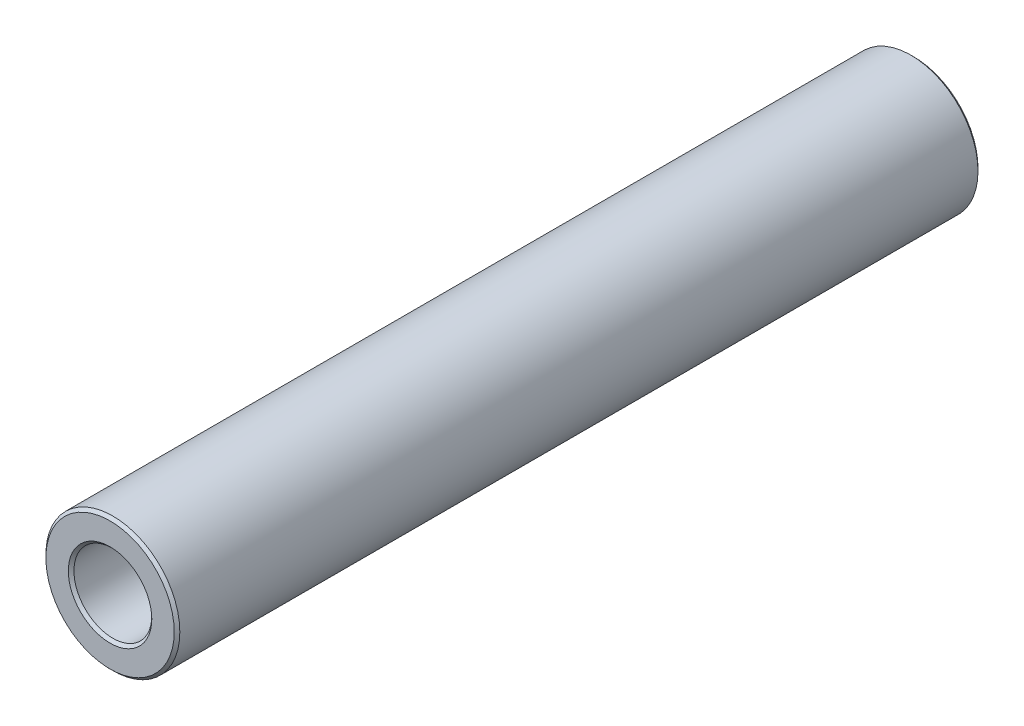
ISO-10303-21;
HEADER;
FILE_DESCRIPTION(('STEP AP214'),'2;1');
FILE_NAME('part.step','',(''),(''),'','','');
FILE_SCHEMA(('AUTOMOTIVE_DESIGN { 1 0 10303 214 1 1 1 1 }'));
ENDSEC;
DATA;
#1=APPLICATION_CONTEXT('core data for automotive mechanical design processes');
#2=APPLICATION_PROTOCOL_DEFINITION('international standard','automotive_design',2000,#1);
#3=PRODUCT_CONTEXT('',#1,'mechanical');
#4=PRODUCT('Part','Part','',(#3));
#5=PRODUCT_RELATED_PRODUCT_CATEGORY('part','',(#4));
#6=PRODUCT_DEFINITION_FORMATION('','',#4);
#7=PRODUCT_DEFINITION_CONTEXT('part definition',#1,'design');
#8=PRODUCT_DEFINITION('design','',#6,#7);
#9=PRODUCT_DEFINITION_SHAPE('','',#8);
#10=(LENGTH_UNIT() NAMED_UNIT(*) SI_UNIT(.MILLI.,.METRE.));
#11=(NAMED_UNIT(*) PLANE_ANGLE_UNIT() SI_UNIT($,.RADIAN.));
#12=(NAMED_UNIT(*) SI_UNIT($,.STERADIAN.) SOLID_ANGLE_UNIT());
#13=UNCERTAINTY_MEASURE_WITH_UNIT(LENGTH_MEASURE(1.E-05),#10,'distance_accuracy_value','');
#14=(GEOMETRIC_REPRESENTATION_CONTEXT(3) GLOBAL_UNCERTAINTY_ASSIGNED_CONTEXT((#13)) GLOBAL_UNIT_ASSIGNED_CONTEXT((#10,
#11,#12)) REPRESENTATION_CONTEXT('',''));
#15=CARTESIAN_POINT('',(0.,0.,0.));
#16=DIRECTION('',(0.,0.,1.));
#17=DIRECTION('',(1.,0.,0.));
#18=AXIS2_PLACEMENT_3D('',#15,#16,#17);
#19=CARTESIAN_POINT('',(0.,0.,-28.575));
#20=DIRECTION('',(0.,0.,1.));
#21=DIRECTION('',(1.,0.,0.));
#22=AXIS2_PLACEMENT_3D('',#19,#20,#21);
#23=CYLINDRICAL_SURFACE('',#22,4.7625);
#24=CARTESIAN_POINT('',(0.,0.,28.37561));
#25=DIRECTION('',(0.,0.,1.));
#26=DIRECTION('',(1.,0.,0.));
#27=AXIS2_PLACEMENT_3D('',#24,#25,#26);
#28=CIRCLE('',#27,4.7625);
#29=CARTESIAN_POINT('',(4.7625,0.,28.37561));
#30=VERTEX_POINT('',#29);
#31=EDGE_CURVE('E69',#30,#30,#28,.F.);
#32=CARTESIAN_POINT('',(0.,0.,-28.37561));
#33=DIRECTION('',(0.,0.,1.));
#34=DIRECTION('',(1.,0.,0.));
#35=AXIS2_PLACEMENT_3D('',#32,#33,#34);
#36=CIRCLE('',#35,4.7625);
#37=CARTESIAN_POINT('',(4.7625,0.,-28.37561));
#38=VERTEX_POINT('',#37);
#39=EDGE_CURVE('E73',#38,#38,#36,.T.);
#40=CARTESIAN_POINT('',(4.7625,0.,28.37561));
#41=CARTESIAN_POINT('',(4.7625,0.,27.7844514583333));
#42=CARTESIAN_POINT('',(4.7625,0.,27.1932929166667));
#43=CARTESIAN_POINT('',(4.7625,0.,26.0109758333333));
#44=CARTESIAN_POINT('',(4.7625,0.,25.4198172916667));
#45=CARTESIAN_POINT('',(4.7625,0.,24.2375002083333));
#46=CARTESIAN_POINT('',(4.7625,0.,23.6463416666667));
#47=CARTESIAN_POINT('',(4.7625,0.,22.4640245833333));
#48=CARTESIAN_POINT('',(4.7625,0.,21.8728660416667));
#49=CARTESIAN_POINT('',(4.7625,0.,20.6905489583333));
#50=CARTESIAN_POINT('',(4.7625,0.,20.0993904166667));
#51=CARTESIAN_POINT('',(4.7625,0.,18.9170733333333));
#52=CARTESIAN_POINT('',(4.7625,0.,18.3259147916667));
#53=CARTESIAN_POINT('',(4.7625,0.,17.1435977083333));
#54=CARTESIAN_POINT('',(4.7625,0.,16.5524391666667));
#55=CARTESIAN_POINT('',(4.7625,0.,15.3701220833333));
#56=CARTESIAN_POINT('',(4.7625,0.,14.7789635416667));
#57=CARTESIAN_POINT('',(4.7625,0.,13.5966464583333));
#58=CARTESIAN_POINT('',(4.7625,0.,13.0054879166667));
#59=CARTESIAN_POINT('',(4.7625,0.,11.8231708333333));
#60=CARTESIAN_POINT('',(4.7625,0.,11.2320122916667));
#61=CARTESIAN_POINT('',(4.7625,0.,10.0496952083333));
#62=CARTESIAN_POINT('',(4.7625,0.,9.45853666666668));
#63=CARTESIAN_POINT('',(4.7625,0.,8.27621958333335));
#64=CARTESIAN_POINT('',(4.7625,0.,7.68506104166668));
#65=CARTESIAN_POINT('',(4.7625,0.,6.50274395833335));
#66=CARTESIAN_POINT('',(4.7625,0.,5.91158541666668));
#67=CARTESIAN_POINT('',(4.7625,0.,4.72926833333335));
#68=CARTESIAN_POINT('',(4.7625,0.,4.13810979166668));
#69=CARTESIAN_POINT('',(4.7625,0.,2.95579270833335));
#70=CARTESIAN_POINT('',(4.7625,0.,2.36463416666668));
#71=CARTESIAN_POINT('',(4.7625,0.,1.18231708333335));
#72=CARTESIAN_POINT('',(4.7625,0.,0.591158541666684));
#73=CARTESIAN_POINT('',(4.7625,0.,-0.591158541666649));
#74=CARTESIAN_POINT('',(4.7625,0.,-1.18231708333332));
#75=CARTESIAN_POINT('',(4.7625,0.,-2.36463416666665));
#76=CARTESIAN_POINT('',(4.7625,0.,-2.95579270833332));
#77=CARTESIAN_POINT('',(4.7625,0.,-4.13810979166665));
#78=CARTESIAN_POINT('',(4.7625,0.,-4.72926833333331));
#79=CARTESIAN_POINT('',(4.7625,0.,-5.91158541666665));
#80=CARTESIAN_POINT('',(4.7625,0.,-6.50274395833332));
#81=CARTESIAN_POINT('',(4.7625,0.,-7.68506104166665));
#82=CARTESIAN_POINT('',(4.7625,0.,-8.27621958333332));
#83=CARTESIAN_POINT('',(4.7625,0.,-9.45853666666665));
#84=CARTESIAN_POINT('',(4.7625,0.,-10.0496952083333));
#85=CARTESIAN_POINT('',(4.7625,0.,-11.2320122916666));
#86=CARTESIAN_POINT('',(4.7625,0.,-11.8231708333333));
#87=CARTESIAN_POINT('',(4.7625,0.,-13.0054879166666));
#88=CARTESIAN_POINT('',(4.7625,0.,-13.5966464583333));
#89=CARTESIAN_POINT('',(4.7625,0.,-14.7789635416666));
#90=CARTESIAN_POINT('',(4.7625,0.,-15.3701220833333));
#91=CARTESIAN_POINT('',(4.7625,0.,-16.5524391666666));
#92=CARTESIAN_POINT('',(4.7625,0.,-17.1435977083333));
#93=CARTESIAN_POINT('',(4.7625,0.,-18.3259147916666));
#94=CARTESIAN_POINT('',(4.7625,0.,-18.9170733333333));
#95=CARTESIAN_POINT('',(4.7625,0.,-20.0993904166666));
#96=CARTESIAN_POINT('',(4.7625,0.,-20.6905489583333));
#97=CARTESIAN_POINT('',(4.7625,0.,-21.8728660416666));
#98=CARTESIAN_POINT('',(4.7625,0.,-22.4640245833333));
#99=CARTESIAN_POINT('',(4.7625,0.,-23.6463416666666));
#100=CARTESIAN_POINT('',(4.7625,0.,-24.2375002083333));
#101=CARTESIAN_POINT('',(4.7625,0.,-25.4198172916666));
#102=CARTESIAN_POINT('',(4.7625,0.,-26.0109758333333));
#103=CARTESIAN_POINT('',(4.7625,0.,-27.1932929166666));
#104=CARTESIAN_POINT('',(4.7625,0.,-27.7844514583333));
#105=CARTESIAN_POINT('',(4.7625,0.,-28.37561));
#106=B_SPLINE_CURVE_WITH_KNOTS('',3,(#40,#41,#42,#43,#44,#45,#46,#47,#48,#49,#50,#51,#52,#53,
#54,#55,#56,#57,#58,#59,#60,#61,#62,#63,#64,#65,#66,#67,#68,#69,#70,#71,#72,#73,#74,#75,#76,#77,
#78,#79,#80,#81,#82,#83,#84,#85,#86,#87,#88,#89,#90,#91,#92,#93,#94,#95,#96,#97,#98,#99,#100,
#101,#102,#103,#104,#105),.UNSPECIFIED.,.F.,.F.,(4,2,2,2,2,2,2,2,2,2,2,2,2,2,2,2,2,2,2,2,2,2,2,
2,2,2,2,2,2,2,2,2,4),(0.,1.773475625,3.54695125,5.320426875,7.0939025,8.867378125,10.64085375,
12.414329375,14.187805,15.961280625,17.73475625,19.508231875,21.2817075,23.055183125,
24.82865875,26.602134375,28.37561,30.149085625,31.92256125,33.696036875,35.4695125,37.242988125,
39.01646375,40.789939375,42.563415,44.336890625,46.11036625,47.883841875,49.6573175,
51.430793125,53.20426875,54.977744375,56.75122),.UNSPECIFIED.);
#107=EDGE_CURVE('BSEAM43',#30,#38,#106,.T.);
#108=ORIENTED_EDGE('',*,*,#31,.T.);
#109=ORIENTED_EDGE('',*,*,#39,.T.);
#110=ORIENTED_EDGE('',*,*,#107,.T.);
#111=ORIENTED_EDGE('',*,*,#107,.F.);
#112=EDGE_LOOP('',(#108,#110,#109,#111));
#113=FACE_BOUND('',#112,.T.);
#114=ADVANCED_FACE('F43',(#113),#23,.T.);
#115=CARTESIAN_POINT('',(0.,0.,-28.575));
#116=DIRECTION('',(0.,0.,1.));
#117=DIRECTION('',(1.,0.,0.));
#118=AXIS2_PLACEMENT_3D('',#115,#116,#117);
#119=PLANE('',#118);
#120=CARTESIAN_POINT('',(0.,0.,-28.575));
#121=DIRECTION('',(0.,0.,1.));
#122=DIRECTION('',(1.,0.,0.));
#123=AXIS2_PLACEMENT_3D('',#120,#121,#122);
#124=CIRCLE('',#123,4.56310999999997);
#125=CARTESIAN_POINT('',(4.56310999999997,0.,-28.575));
#126=VERTEX_POINT('',#125);
#127=EDGE_CURVE('E57',#126,#126,#124,.F.);
#128=ORIENTED_EDGE('',*,*,#127,.T.);
#129=EDGE_LOOP('',(#128));
#130=FACE_BOUND('',#129,.T.);
#131=CARTESIAN_POINT('',(0.,0.,-28.575));
#132=DIRECTION('',(0.,0.,1.));
#133=DIRECTION('',(1.,0.,0.));
#134=AXIS2_PLACEMENT_3D('',#131,#132,#133);
#135=CIRCLE('',#134,2.96798999999997);
#136=CARTESIAN_POINT('',(2.96798999999997,0.,-28.575));
#137=VERTEX_POINT('',#136);
#138=EDGE_CURVE('E63',#137,#137,#135,.T.);
#139=ORIENTED_EDGE('',*,*,#138,.T.);
#140=EDGE_LOOP('',(#139));
#141=FACE_BOUND('',#140,.T.);
#142=ADVANCED_FACE('F102',(#130,#141),#119,.F.);
#143=CARTESIAN_POINT('',(0.,0.,-28.575));
#144=DIRECTION('',(0.,0.,1.));
#145=DIRECTION('',(1.,0.,0.));
#146=AXIS2_PLACEMENT_3D('',#143,#144,#145);
#147=CYLINDRICAL_SURFACE('',#146,2.7686);
#148=CARTESIAN_POINT('',(0.,0.,28.37561));
#149=DIRECTION('',(0.,0.,1.));
#150=DIRECTION('',(1.,0.,0.));
#151=AXIS2_PLACEMENT_3D('',#148,#149,#150);
#152=CIRCLE('',#151,2.7686);
#153=CARTESIAN_POINT('',(2.7686,0.,28.37561));
#154=VERTEX_POINT('',#153);
#155=EDGE_CURVE('E10',#154,#154,#152,.T.);
#156=CARTESIAN_POINT('',(0.,0.,-28.37561));
#157=DIRECTION('',(0.,0.,1.));
#158=DIRECTION('',(1.,0.,0.));
#159=AXIS2_PLACEMENT_3D('',#156,#157,#158);
#160=CIRCLE('',#159,2.7686);
#161=CARTESIAN_POINT('',(2.7686,0.,-28.37561));
#162=VERTEX_POINT('',#161);
#163=EDGE_CURVE('E51',#162,#162,#160,.F.);
#164=CARTESIAN_POINT('',(2.7686,0.,28.37561));
#165=CARTESIAN_POINT('',(2.7686,0.,27.7844514583333));
#166=CARTESIAN_POINT('',(2.7686,0.,27.1932929166666));
#167=CARTESIAN_POINT('',(2.7686,0.,26.0109758333333));
#168=CARTESIAN_POINT('',(2.7686,0.,25.4198172916666));
#169=CARTESIAN_POINT('',(2.7686,0.,24.2375002083333));
#170=CARTESIAN_POINT('',(2.7686,0.,23.6463416666666));
#171=CARTESIAN_POINT('',(2.7686,0.,22.4640245833333));
#172=CARTESIAN_POINT('',(2.7686,0.,21.8728660416666));
#173=CARTESIAN_POINT('',(2.7686,0.,20.6905489583333));
#174=CARTESIAN_POINT('',(2.7686,0.,20.0993904166666));
#175=CARTESIAN_POINT('',(2.7686,0.,18.9170733333333));
#176=CARTESIAN_POINT('',(2.7686,0.,18.3259147916666));
#177=CARTESIAN_POINT('',(2.7686,0.,17.1435977083333));
#178=CARTESIAN_POINT('',(2.7686,0.,16.5524391666666));
#179=CARTESIAN_POINT('',(2.7686,0.,15.3701220833333));
#180=CARTESIAN_POINT('',(2.7686,0.,14.7789635416666));
#181=CARTESIAN_POINT('',(2.7686,0.,13.5966464583333));
#182=CARTESIAN_POINT('',(2.7686,0.,13.0054879166666));
#183=CARTESIAN_POINT('',(2.7686,0.,11.8231708333333));
#184=CARTESIAN_POINT('',(2.7686,0.,11.2320122916666));
#185=CARTESIAN_POINT('',(2.7686,0.,10.0496952083333));
#186=CARTESIAN_POINT('',(2.7686,0.,9.45853666666664));
#187=CARTESIAN_POINT('',(2.7686,0.,8.2762195833333));
#188=CARTESIAN_POINT('',(2.7686,0.,7.68506104166664));
#189=CARTESIAN_POINT('',(2.7686,0.,6.5027439583333));
#190=CARTESIAN_POINT('',(2.7686,0.,5.91158541666664));
#191=CARTESIAN_POINT('',(2.7686,0.,4.7292683333333));
#192=CARTESIAN_POINT('',(2.7686,0.,4.13810979166663));
#193=CARTESIAN_POINT('',(2.7686,0.,2.9557927083333));
#194=CARTESIAN_POINT('',(2.7686,0.,2.36463416666664));
#195=CARTESIAN_POINT('',(2.7686,0.,1.18231708333331));
#196=CARTESIAN_POINT('',(2.7686,0.,0.591158541666639));
#197=CARTESIAN_POINT('',(2.7686,0.,-0.591158541666694));
#198=CARTESIAN_POINT('',(2.7686,0.,-1.18231708333336));
#199=CARTESIAN_POINT('',(2.7686,0.,-2.3646341666667));
#200=CARTESIAN_POINT('',(2.7686,0.,-2.95579270833336));
#201=CARTESIAN_POINT('',(2.7686,0.,-4.1381097916667));
#202=CARTESIAN_POINT('',(2.7686,0.,-4.72926833333336));
#203=CARTESIAN_POINT('',(2.7686,0.,-5.9115854166667));
#204=CARTESIAN_POINT('',(2.7686,0.,-6.50274395833336));
#205=CARTESIAN_POINT('',(2.7686,0.,-7.6850610416667));
#206=CARTESIAN_POINT('',(2.7686,0.,-8.27621958333336));
#207=CARTESIAN_POINT('',(2.7686,0.,-9.4585366666667));
#208=CARTESIAN_POINT('',(2.7686,0.,-10.0496952083334));
#209=CARTESIAN_POINT('',(2.7686,0.,-11.2320122916667));
#210=CARTESIAN_POINT('',(2.7686,0.,-11.8231708333334));
#211=CARTESIAN_POINT('',(2.7686,0.,-13.0054879166667));
#212=CARTESIAN_POINT('',(2.7686,0.,-13.5966464583334));
#213=CARTESIAN_POINT('',(2.7686,0.,-14.7789635416667));
#214=CARTESIAN_POINT('',(2.7686,0.,-15.3701220833334));
#215=CARTESIAN_POINT('',(2.7686,0.,-16.5524391666667));
#216=CARTESIAN_POINT('',(2.7686,0.,-17.1435977083334));
#217=CARTESIAN_POINT('',(2.7686,0.,-18.3259147916667));
#218=CARTESIAN_POINT('',(2.7686,0.,-18.9170733333334));
#219=CARTESIAN_POINT('',(2.7686,0.,-20.0993904166667));
#220=CARTESIAN_POINT('',(2.7686,0.,-20.6905489583334));
#221=CARTESIAN_POINT('',(2.7686,0.,-21.8728660416667));
#222=CARTESIAN_POINT('',(2.7686,0.,-22.4640245833334));
#223=CARTESIAN_POINT('',(2.7686,0.,-23.6463416666667));
#224=CARTESIAN_POINT('',(2.7686,0.,-24.2375002083334));
#225=CARTESIAN_POINT('',(2.7686,0.,-25.4198172916667));
#226=CARTESIAN_POINT('',(2.7686,0.,-26.0109758333334));
#227=CARTESIAN_POINT('',(2.7686,0.,-27.1932929166667));
#228=CARTESIAN_POINT('',(2.7686,0.,-27.7844514583334));
#229=CARTESIAN_POINT('',(2.7686,0.,-28.37561));
#230=B_SPLINE_CURVE_WITH_KNOTS('',3,(#164,#165,#166,#167,#168,#169,#170,#171,#172,#173,#174,
#175,#176,#177,#178,#179,#180,#181,#182,#183,#184,#185,#186,#187,#188,#189,#190,#191,#192,#193,
#194,#195,#196,#197,#198,#199,#200,#201,#202,#203,#204,#205,#206,#207,#208,#209,#210,#211,#212,
#213,#214,#215,#216,#217,#218,#219,#220,#221,#222,#223,#224,#225,#226,#227,#228,#229),
.UNSPECIFIED.,.F.,.F.,(4,2,2,2,2,2,2,2,2,2,2,2,2,2,2,2,2,2,2,2,2,2,2,2,2,2,2,2,2,2,2,2,4),(0.,
1.773475625,3.54695125,5.320426875,7.0939025,8.86737812500001,10.64085375,12.414329375,
14.187805,15.961280625,17.73475625,19.508231875,21.2817075,23.055183125,24.82865875,
26.602134375,28.37561,30.149085625,31.92256125,33.696036875,35.4695125,37.242988125,39.01646375,
40.789939375,42.563415,44.336890625,46.11036625,47.883841875,49.6573175,51.430793125,
53.20426875,54.977744375,56.75122),.UNSPECIFIED.);
#231=EDGE_CURVE('BSEAM108',#154,#162,#230,.T.);
#232=ORIENTED_EDGE('',*,*,#155,.T.);
#233=ORIENTED_EDGE('',*,*,#163,.T.);
#234=ORIENTED_EDGE('',*,*,#231,.T.);
#235=ORIENTED_EDGE('',*,*,#231,.F.);
#236=EDGE_LOOP('',(#232,#234,#233,#235));
#237=FACE_BOUND('',#236,.T.);
#238=ADVANCED_FACE('F108',(#237),#147,.F.);
#239=CARTESIAN_POINT('',(0.,0.,28.575));
#240=DIRECTION('',(0.,0.,1.));
#241=DIRECTION('',(1.,0.,0.));
#242=AXIS2_PLACEMENT_3D('',#239,#240,#241);
#243=PLANE('',#242);
#244=CARTESIAN_POINT('',(0.,0.,28.575));
#245=DIRECTION('',(0.,0.,1.));
#246=DIRECTION('',(1.,0.,0.));
#247=AXIS2_PLACEMENT_3D('',#244,#245,#246);
#248=CIRCLE('',#247,4.56311000000001);
#249=CARTESIAN_POINT('',(4.56311000000001,0.,28.575));
#250=VERTEX_POINT('',#249);
#251=EDGE_CURVE('E77',#250,#250,#248,.T.);
#252=ORIENTED_EDGE('',*,*,#251,.T.);
#253=EDGE_LOOP('',(#252));
#254=FACE_BOUND('',#253,.T.);
#255=CARTESIAN_POINT('',(0.,0.,28.575));
#256=DIRECTION('',(0.,0.,1.));
#257=DIRECTION('',(1.,0.,0.));
#258=AXIS2_PLACEMENT_3D('',#255,#256,#257);
#259=CIRCLE('',#258,2.96799000000002);
#260=CARTESIAN_POINT('',(2.96799000000002,0.,28.575));
#261=VERTEX_POINT('',#260);
#262=EDGE_CURVE('E81',#261,#261,#259,.F.);
#263=ORIENTED_EDGE('',*,*,#262,.T.);
#264=EDGE_LOOP('',(#263));
#265=FACE_BOUND('',#264,.T.);
#266=ADVANCED_FACE('F87',(#254,#265),#243,.T.);
#267=CARTESIAN_POINT('',(0.,0.,28.575));
#268=DIRECTION('',(0.,0.,-1.));
#269=DIRECTION('',(-1.,0.,0.));
#270=AXIS2_PLACEMENT_3D('',#267,#268,#269);
#271=CONICAL_SURFACE('',#270,4.56311000000001,0.785398163397444);
#272=ORIENTED_EDGE('',*,*,#31,.F.);
#273=EDGE_LOOP('',(#272));
#274=FACE_BOUND('',#273,.T.);
#275=ORIENTED_EDGE('',*,*,#251,.F.);
#276=EDGE_LOOP('',(#275));
#277=FACE_BOUND('',#276,.T.);
#278=ADVANCED_FACE('F98',(#274,#277),#271,.T.);
#279=CARTESIAN_POINT('',(0.,0.,-28.37561));
#280=DIRECTION('',(0.,0.,1.));
#281=DIRECTION('',(1.,0.,0.));
#282=AXIS2_PLACEMENT_3D('',#279,#280,#281);
#283=CONICAL_SURFACE('',#282,4.7625,0.785398163397444);
#284=ORIENTED_EDGE('',*,*,#127,.F.);
#285=EDGE_LOOP('',(#284));
#286=FACE_BOUND('',#285,.T.);
#287=ORIENTED_EDGE('',*,*,#39,.F.);
#288=EDGE_LOOP('',(#287));
#289=FACE_BOUND('',#288,.T.);
#290=ADVANCED_FACE('F92',(#286,#289),#283,.T.);
#291=CARTESIAN_POINT('',(0.,0.,28.37561));
#292=DIRECTION('',(0.,0.,1.));
#293=DIRECTION('',(1.,0.,0.));
#294=AXIS2_PLACEMENT_3D('',#291,#292,#293);
#295=CONICAL_SURFACE('',#294,2.7686,0.785398163397455);
#296=ORIENTED_EDGE('',*,*,#262,.F.);
#297=EDGE_LOOP('',(#296));
#298=FACE_BOUND('',#297,.T.);
#299=ORIENTED_EDGE('',*,*,#155,.F.);
#300=EDGE_LOOP('',(#299));
#301=FACE_BOUND('',#300,.T.);
#302=ADVANCED_FACE('F89',(#298,#301),#295,.F.);
#303=CARTESIAN_POINT('',(0.,0.,-28.575));
#304=DIRECTION('',(0.,0.,-1.));
#305=DIRECTION('',(-1.,0.,0.));
#306=AXIS2_PLACEMENT_3D('',#303,#304,#305);
#307=CONICAL_SURFACE('',#306,2.96798999999997,0.785398163397437);
#308=ORIENTED_EDGE('',*,*,#163,.F.);
#309=EDGE_LOOP('',(#308));
#310=FACE_BOUND('',#309,.T.);
#311=ORIENTED_EDGE('',*,*,#138,.F.);
#312=EDGE_LOOP('',(#311));
#313=FACE_BOUND('',#312,.T.);
#314=ADVANCED_FACE('F45',(#310,#313),#307,.F.);
#315=CLOSED_SHELL('',(#114,#142,#238,#266,#278,#290,#302,#314));
#316=MANIFOLD_SOLID_BREP('B2',#315);
#317=ADVANCED_BREP_SHAPE_REPRESENTATION('',(#18,#316),#14);
#318=SHAPE_DEFINITION_REPRESENTATION(#9,#317);
ENDSEC;
END-ISO-10303-21;

* WHAT NEEDS TO BE DONE *
Copy out only the lines of the records above from the one with "#147=CYLINDRICAL_SURFACE('',#146,2.7686);" through the one with "#171=CARTESIAN_POINT('',(2.7686,0.,22.4640245833333));", exactly as they stand, both included.

* TASK RESULT *
#147=CYLINDRICAL_SURFACE('',#146,2.7686);
#148=CARTESIAN_POINT('',(0.,0.,28.37561));
#149=DIRECTION('',(0.,0.,1.));
#150=DIRECTION('',(1.,0.,0.));
#151=AXIS2_PLACEMENT_3D('',#148,#149,#150);
#152=CIRCLE('',#151,2.7686);
#153=CARTESIAN_POINT('',(2.7686,0.,28.37561));
#154=VERTEX_POINT('',#153);
#155=EDGE_CURVE('E10',#154,#154,#152,.T.);
#156=CARTESIAN_POINT('',(0.,0.,-28.37561));
#157=DIRECTION('',(0.,0.,1.));
#158=DIRECTION('',(1.,0.,0.));
#159=AXIS2_PLACEMENT_3D('',#156,#157,#158);
#160=CIRCLE('',#159,2.7686);
#161=CARTESIAN_POINT('',(2.7686,0.,-28.37561));
#162=VERTEX_POINT('',#161);
#163=EDGE_CURVE('E51',#162,#162,#160,.F.);
#164=CARTESIAN_POINT('',(2.7686,0.,28.37561));
#165=CARTESIAN_POINT('',(2.7686,0.,27.7844514583333));
#166=CARTESIAN_POINT('',(2.7686,0.,27.1932929166666));
#167=CARTESIAN_POINT('',(2.7686,0.,26.0109758333333));
#168=CARTESIAN_POINT('',(2.7686,0.,25.4198172916666));
#169=CARTESIAN_POINT('',(2.7686,0.,24.2375002083333));
#170=CARTESIAN_POINT('',(2.7686,0.,23.6463416666666));
#171=CARTESIAN_POINT('',(2.7686,0.,22.4640245833333));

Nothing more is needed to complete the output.